# Model Confidence and Calibration Analysis

## Configuration

In [1]:
import os
import json
import pandas as pd
import numpy as np
import matplotlib.pyplot as plt
import seaborn as sns
from pathlib import Path
import warnings
from datetime import datetime
from scipy import stats
from sklearn.calibration import calibration_curve
from sklearn.metrics import brier_score_loss

warnings.filterwarnings('ignore')
plt.style.use('default')
sns.set_palette("husl")

CONFIG = {
    "results_dir": "model_training_results",
    "output_dir": "confidence_analysis",
    "confidence_bins": 10,
    "high_confidence_threshold": 0.8,
    "low_confidence_threshold": 0.6,
    "plot_style": {
        "figsize": (15, 10),
        "dpi": 300,
        "style": "whitegrid"
    }
}

os.makedirs(CONFIG["output_dir"], exist_ok=True)
os.makedirs(f"{CONFIG['output_dir']}/plots", exist_ok=True)
os.makedirs(f"{CONFIG['output_dir']}/reports", exist_ok=True)


## Data Loading

In [2]:
def load_all_predictions(results_dir):
    predictions_dir = f"{results_dir}/predictions"
    if not os.path.exists(predictions_dir):
        print(f"Error: Predictions directory not found at {predictions_dir}")
        return pd.DataFrame()

    prediction_files = [f for f in os.listdir(predictions_dir) if f.endswith('_predictions.csv')]
    combined = []
    for file in prediction_files:
        try:
            df = pd.read_csv(os.path.join(predictions_dir, file))
            run_name = file.replace('_predictions.csv', '')
            parts = run_name.split('_config_')
            df['model_name'] = parts[0]
            df['run_name'] = run_name
            df['config_id'] = parts[1] if len(parts) > 1 else '0'
            combined.append(df)
        except Exception as e:
            print(f"Could not load {file}: {e}")

    return pd.concat(combined, ignore_index=True) if combined else pd.DataFrame()

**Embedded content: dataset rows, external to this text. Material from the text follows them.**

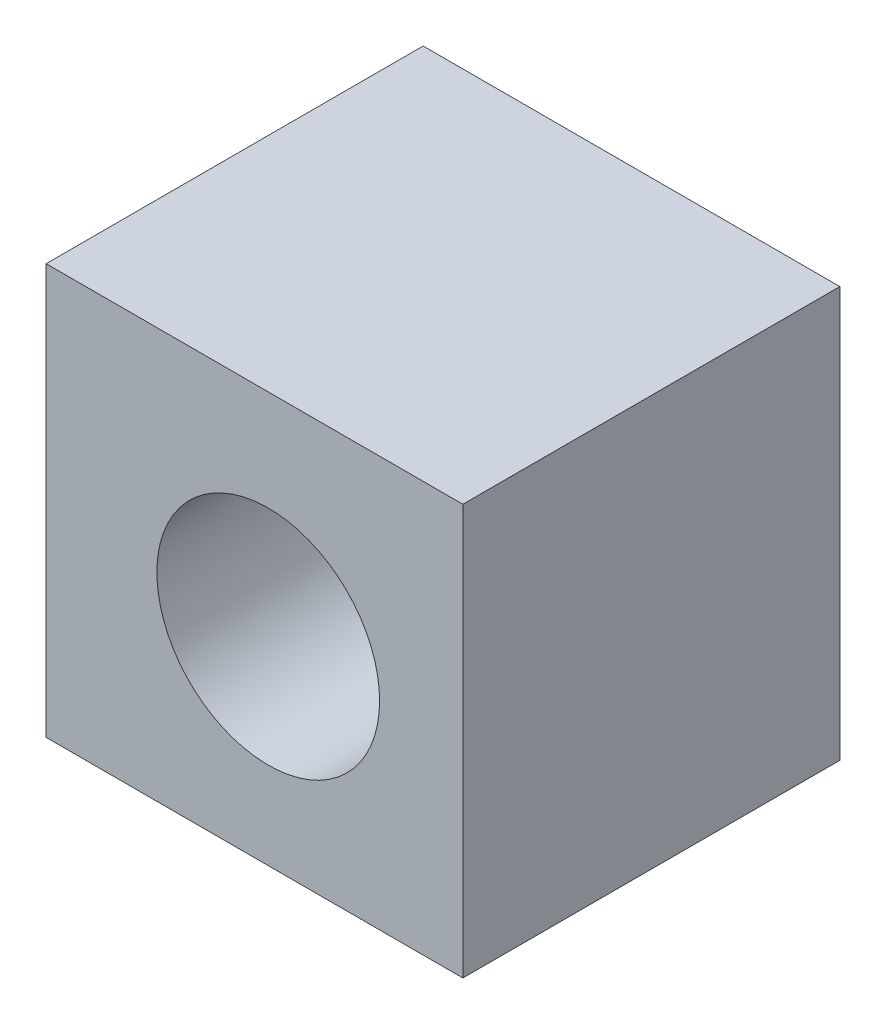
ISO-10303-21;
HEADER;
FILE_DESCRIPTION(('STEP AP214'),'2;1');
FILE_NAME('part.step','',(''),(''),'','','');
FILE_SCHEMA(('AUTOMOTIVE_DESIGN { 1 0 10303 214 1 1 1 1 }'));
ENDSEC;
DATA;
#1=APPLICATION_CONTEXT('core data for automotive mechanical design processes');
#2=APPLICATION_PROTOCOL_DEFINITION('international standard','automotive_design',2000,#1);
#3=PRODUCT_CONTEXT('',#1,'mechanical');
#4=PRODUCT('Part','Part','',(#3));
#5=PRODUCT_RELATED_PRODUCT_CATEGORY('part','',(#4));
#6=PRODUCT_DEFINITION_FORMATION('','',#4);
#7=PRODUCT_DEFINITION_CONTEXT('part definition',#1,'design');
#8=PRODUCT_DEFINITION('design','',#6,#7);
#9=PRODUCT_DEFINITION_SHAPE('','',#8);
#10=(LENGTH_UNIT() NAMED_UNIT(*) SI_UNIT(.MILLI.,.METRE.));
#11=(NAMED_UNIT(*) PLANE_ANGLE_UNIT() SI_UNIT($,.RADIAN.));
#12=(NAMED_UNIT(*) SI_UNIT($,.STERADIAN.) SOLID_ANGLE_UNIT());
#13=UNCERTAINTY_MEASURE_WITH_UNIT(LENGTH_MEASURE(1.E-05),#10,'distance_accuracy_value','');
#14=(GEOMETRIC_REPRESENTATION_CONTEXT(3) GLOBAL_UNCERTAINTY_ASSIGNED_CONTEXT((#13)) GLOBAL_UNIT_ASSIGNED_CONTEXT((#10,
#11,#12)) REPRESENTATION_CONTEXT('',''));
#15=CARTESIAN_POINT('',(0.,0.,0.));
#16=DIRECTION('',(0.,0.,1.));
#17=DIRECTION('',(1.,0.,0.));
#18=AXIS2_PLACEMENT_3D('',#15,#16,#17);
#19=CARTESIAN_POINT('',(38.3061852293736,34.2169341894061,-0.00999999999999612));
#20=DIRECTION('',(0.,0.,1.));
#21=DIRECTION('',(1.,0.,0.));
#22=AXIS2_PLACEMENT_3D('',#19,#20,#21);
#23=CYLINDRICAL_SURFACE('',#22,19.2044359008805);
#24=CARTESIAN_POINT('',(38.3061852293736,34.2169341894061,65.024));
#25=DIRECTION('',(0.,0.,1.));
#26=DIRECTION('',(1.,0.,0.));
#27=AXIS2_PLACEMENT_3D('',#24,#25,#26);
#28=CIRCLE('',#27,19.2044359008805);
#29=CARTESIAN_POINT('',(57.5106211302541,34.2169341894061,65.024));
#30=VERTEX_POINT('',#29);
#31=EDGE_CURVE('E11',#30,#30,#28,.T.);
#32=ORIENTED_EDGE('',*,*,#31,.T.);
#33=EDGE_LOOP('',(#32));
#34=FACE_BOUND('',#33,.T.);
#35=CARTESIAN_POINT('',(38.3061852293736,34.2169341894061,0.));
#36=DIRECTION('',(0.,0.,1.));
#37=DIRECTION('',(1.,0.,0.));
#38=AXIS2_PLACEMENT_3D('',#35,#36,#37);
#39=CIRCLE('',#38,19.2044359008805);
#40=CARTESIAN_POINT('',(57.5106211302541,34.2169341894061,0.));
#41=VERTEX_POINT('',#40);
#42=EDGE_CURVE('E34',#41,#41,#39,.T.);
#43=ORIENTED_EDGE('',*,*,#42,.F.);
#44=EDGE_LOOP('',(#43));
#45=FACE_BOUND('',#44,.T.);
#46=ADVANCED_FACE('F26',(#34,#45),#23,.F.);
#47=CARTESIAN_POINT('',(0.,0.,65.024));
#48=DIRECTION('',(0.,1.,0.));
#49=DIRECTION('',(0.,0.,1.));
#50=AXIS2_PLACEMENT_3D('',#47,#48,#49);
#51=PLANE('',#50);
#52=DIRECTION('',(1.,0.,0.));
#53=VECTOR('',#52,1.);
#54=CARTESIAN_POINT('',(0.,0.,0.));
#55=LINE('',#54,#53);
#56=CARTESIAN_POINT('',(0.,0.,0.));
#57=VERTEX_POINT('',#56);
#58=CARTESIAN_POINT('',(71.8678259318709,0.,0.));
#59=VERTEX_POINT('',#58);
#60=EDGE_CURVE('E79',#57,#59,#55,.T.);
#61=ORIENTED_EDGE('',*,*,#60,.T.);
#62=DIRECTION('',(0.,0.,-1.));
#63=VECTOR('',#62,1.);
#64=CARTESIAN_POINT('',(71.8678259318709,0.,65.024));
#65=LINE('',#64,#63);
#66=CARTESIAN_POINT('',(71.8678259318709,0.,65.024));
#67=VERTEX_POINT('',#66);
#68=EDGE_CURVE('E87',#67,#59,#65,.T.);
#69=ORIENTED_EDGE('',*,*,#68,.F.);
#70=DIRECTION('',(1.,0.,0.));
#71=VECTOR('',#70,1.);
#72=CARTESIAN_POINT('',(0.,0.,65.024));
#73=LINE('',#72,#71);
#74=CARTESIAN_POINT('',(0.,0.,65.024));
#75=VERTEX_POINT('',#74);
#76=EDGE_CURVE('E86',#75,#67,#73,.T.);
#77=ORIENTED_EDGE('',*,*,#76,.F.);
#78=DIRECTION('',(0.,0.,-1.));
#79=VECTOR('',#78,1.);
#80=CARTESIAN_POINT('',(0.,0.,65.024));
#81=LINE('',#80,#79);
#82=EDGE_CURVE('E71',#75,#57,#81,.T.);
#83=ORIENTED_EDGE('',*,*,#82,.T.);
#84=EDGE_LOOP('',(#61,#69,#77,#83));
#85=FACE_BOUND('',#84,.T.);
#86=ADVANCED_FACE('F28',(#85),#51,.F.);
#87=CARTESIAN_POINT('',(71.8678259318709,0.,65.024));
#88=DIRECTION('',(-1.,0.,0.));
#89=DIRECTION('',(0.,0.,1.));
#90=AXIS2_PLACEMENT_3D('',#87,#88,#89);
#91=PLANE('',#90);
#92=DIRECTION('',(0.,1.,0.));
#93=VECTOR('',#92,1.);
#94=CARTESIAN_POINT('',(71.8678259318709,0.,0.));
#95=LINE('',#94,#93);
#96=CARTESIAN_POINT('',(71.8678259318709,70.7640538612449,0.));
#97=VERTEX_POINT('',#96);
#98=EDGE_CURVE('E81',#59,#97,#95,.T.);
#99=ORIENTED_EDGE('',*,*,#98,.T.);
#100=DIRECTION('',(0.,0.,-1.));
#101=VECTOR('',#100,1.);
#102=CARTESIAN_POINT('',(71.8678259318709,70.7640538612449,65.024));
#103=LINE('',#102,#101);
#104=CARTESIAN_POINT('',(71.8678259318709,70.7640538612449,65.024));
#105=VERTEX_POINT('',#104);
#106=EDGE_CURVE('E90',#105,#97,#103,.T.);
#107=ORIENTED_EDGE('',*,*,#106,.F.);
#108=DIRECTION('',(0.,1.,0.));
#109=VECTOR('',#108,1.);
#110=CARTESIAN_POINT('',(71.8678259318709,0.,65.024));
#111=LINE('',#110,#109);
#112=EDGE_CURVE('E48',#67,#105,#111,.T.);
#113=ORIENTED_EDGE('',*,*,#112,.F.);
#114=ORIENTED_EDGE('',*,*,#68,.T.);
#115=EDGE_LOOP('',(#99,#107,#113,#114));
#116=FACE_BOUND('',#115,.T.);
#117=ADVANCED_FACE('F103',(#116),#91,.F.);
#118=CARTESIAN_POINT('',(0.,70.7640538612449,65.024));
#119=DIRECTION('',(0.,-1.,0.));
#120=DIRECTION('',(0.,0.,-1.));
#121=AXIS2_PLACEMENT_3D('',#118,#119,#120);
#122=PLANE('',#121);
#123=DIRECTION('',(-1.,0.,0.));
#124=VECTOR('',#123,1.);
#125=CARTESIAN_POINT('',(0.,70.7640538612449,0.));
#126=LINE('',#125,#124);
#127=CARTESIAN_POINT('',(0.,70.7640538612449,0.));
#128=VERTEX_POINT('',#127);
#129=EDGE_CURVE('E76',#97,#128,#126,.T.);
#130=ORIENTED_EDGE('',*,*,#129,.T.);
#131=DIRECTION('',(0.,0.,-1.));
#132=VECTOR('',#131,1.);
#133=CARTESIAN_POINT('',(0.,70.7640538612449,65.024));
#134=LINE('',#133,#132);
#135=CARTESIAN_POINT('',(0.,70.7640538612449,65.024));
#136=VERTEX_POINT('',#135);
#137=EDGE_CURVE('E73',#136,#128,#134,.T.);
#138=ORIENTED_EDGE('',*,*,#137,.F.);
#139=DIRECTION('',(-1.,0.,0.));
#140=VECTOR('',#139,1.);
#141=CARTESIAN_POINT('',(0.,70.7640538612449,65.024));
#142=LINE('',#141,#140);
#143=EDGE_CURVE('E96',#105,#136,#142,.T.);
#144=ORIENTED_EDGE('',*,*,#143,.F.);
#145=ORIENTED_EDGE('',*,*,#106,.T.);
#146=EDGE_LOOP('',(#130,#138,#144,#145));
#147=FACE_BOUND('',#146,.T.);
#148=ADVANCED_FACE('F106',(#147),#122,.F.);
#149=CARTESIAN_POINT('',(-30.6603352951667,34.2169341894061,0.));
#150=DIRECTION('',(0.,0.,1.));
#151=DIRECTION('',(1.,0.,0.));
#152=AXIS2_PLACEMENT_3D('',#149,#150,#151);
#153=PLANE('',#152);
#154=ORIENTED_EDGE('',*,*,#42,.T.);
#155=EDGE_LOOP('',(#154));
#156=FACE_BOUND('',#155,.T.);
#157=ORIENTED_EDGE('',*,*,#60,.F.);
#158=DIRECTION('',(0.,-1.,0.));
#159=VECTOR('',#158,1.);
#160=CARTESIAN_POINT('',(0.,52.6131353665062,0.));
#161=LINE('',#160,#159);
#162=EDGE_CURVE('E67',#128,#57,#161,.T.);
#163=ORIENTED_EDGE('',*,*,#162,.F.);
#164=ORIENTED_EDGE('',*,*,#129,.F.);
#165=ORIENTED_EDGE('',*,*,#98,.F.);
#166=EDGE_LOOP('',(#157,#163,#164,#165));
#167=FACE_BOUND('',#166,.T.);
#168=ADVANCED_FACE('F80',(#156,#167),#153,.F.);
#169=CARTESIAN_POINT('',(-30.6603352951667,34.2169341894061,65.024));
#170=DIRECTION('',(0.,0.,1.));
#171=DIRECTION('',(1.,0.,0.));
#172=AXIS2_PLACEMENT_3D('',#169,#170,#171);
#173=PLANE('',#172);
#174=ORIENTED_EDGE('',*,*,#31,.F.);
#175=EDGE_LOOP('',(#174));
#176=FACE_BOUND('',#175,.T.);
#177=ORIENTED_EDGE('',*,*,#143,.T.);
#178=DIRECTION('',(0.,-1.,0.));
#179=VECTOR('',#178,1.);
#180=CARTESIAN_POINT('',(0.,0.,65.024));
#181=LINE('',#180,#179);
#182=EDGE_CURVE('E41',#136,#75,#181,.T.);
#183=ORIENTED_EDGE('',*,*,#182,.T.);
#184=ORIENTED_EDGE('',*,*,#76,.T.);
#185=ORIENTED_EDGE('',*,*,#112,.T.);
#186=EDGE_LOOP('',(#177,#183,#184,#185));
#187=FACE_BOUND('',#186,.T.);
#188=ADVANCED_FACE('F107',(#176,#187),#173,.T.);
#189=CARTESIAN_POINT('',(0.,52.6131353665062,65.024));
#190=DIRECTION('',(1.,0.,0.));
#191=DIRECTION('',(0.,0.,-1.));
#192=AXIS2_PLACEMENT_3D('',#189,#190,#191);
#193=PLANE('',#192);
#194=ORIENTED_EDGE('',*,*,#162,.T.);
#195=ORIENTED_EDGE('',*,*,#82,.F.);
#196=ORIENTED_EDGE('',*,*,#182,.F.);
#197=ORIENTED_EDGE('',*,*,#137,.T.);
#198=EDGE_LOOP('',(#194,#195,#196,#197));
#199=FACE_BOUND('',#198,.T.);
#200=ADVANCED_FACE('F69',(#199),#193,.F.);
#201=CLOSED_SHELL('',(#46,#86,#117,#148,#168,#188,#200));
#202=MANIFOLD_SOLID_BREP('B2',#201);
#203=ADVANCED_BREP_SHAPE_REPRESENTATION('',(#18,#202),#14);
#204=SHAPE_DEFINITION_REPRESENTATION(#9,#203);
ENDSEC;
END-ISO-10303-21;

def load_model_metrics(results_dir):
    metrics_dir = f"{results_dir}/metrics"
    if not os.path.exists(metrics_dir):
        return {}
    
    metrics = {}
    files = [f for f in os.listdir(metrics_dir) if f.endswith('.json') and not f.endswith('_error.json')]
    for file in files:
        try:
            with open(os.path.join(metrics_dir, file), 'r') as f:
                data = json.load(f)
                if 'error' not in data and data.get('accuracy') is not None:
                    run_name = data.get('run_name', file.replace('.json', ''))
                    metrics[run_name] = data
        except Exception as e:
            print(f"Could not parse {file}: {e}")
    
    return metrics


## Confidence-Accuracy Relationship


In [3]:
def analyze_confidence_accuracy_relationship(df):
    results = {}

    correlation = df['confidence'].corr(df['correct'].astype(int))
    results['overall_correlation'] = correlation

    correct = df[df['correct']]['confidence']
    incorrect = df[~df['correct']]['confidence']

    results['confidence_stats'] = {
        'correct_predictions': {
            'mean': correct.mean(),
            'median': correct.median(),
            'std': correct.std(),
            'count': len(correct)
        },
        'incorrect_predictions': {
            'mean': incorrect.mean(),
            'median': incorrect.median(),
            'std': incorrect.std(),
            'count': len(incorrect)
        }
    }

    stat, p_val = stats.mannwhitneyu(correct, incorrect, alternative='greater')
    results['statistical_test'] = {
        'statistic': stat,
        'p_value': p_val,
        'significant': p_val < 0.05
    }

    thresholds = {
        "high_confidence": df[df['confidence'] >= CONFIG['high_confidence_threshold']],
        "medium_confidence": df[(df['confidence'] >= CONFIG['low_confidence_threshold']) & (df['confidence'] < CONFIG['high_confidence_threshold'])],
        "low_confidence": df[df['confidence'] < CONFIG['low_confidence_threshold']]
    }

    results['confidence_thresholds'] = {
        name: {
            'count': len(group),
            'accuracy': group['correct'].mean() if len(group) > 0 else 0,
            'percentage_of_total': len(group) / len(df) * 100,
            'threshold': CONFIG['high_confidence_threshold'] if name == 'high_confidence' else CONFIG['low_confidence_threshold']
        }
        for name, group in thresholds.items()
    }

    return results


## Model Calibration Metrics


In [4]:
def calculate_model_calibration(df):
    output = {}
    for model in df['run_name'].unique():
        data = df[df['run_name'] == model]
        if len(data) == 0:
            continue

        y_true = data['correct'].astype(int)
        y_prob = data['confidence']

        try:
            prob_true, prob_pred = calibration_curve(y_true, y_prob, n_bins=CONFIG['confidence_bins'])

            ece = 0
            bins = np.linspace(0, 1, CONFIG['confidence_bins'] + 1)
            for low, high in zip(bins[:-1], bins[1:]):
                mask = (y_prob > low) & (y_prob <= high)
                if mask.any():
                    acc_bin = y_true[mask].mean()
                    conf_bin = y_prob[mask].mean()
                    ece += np.abs(conf_bin - acc_bin) * mask.mean()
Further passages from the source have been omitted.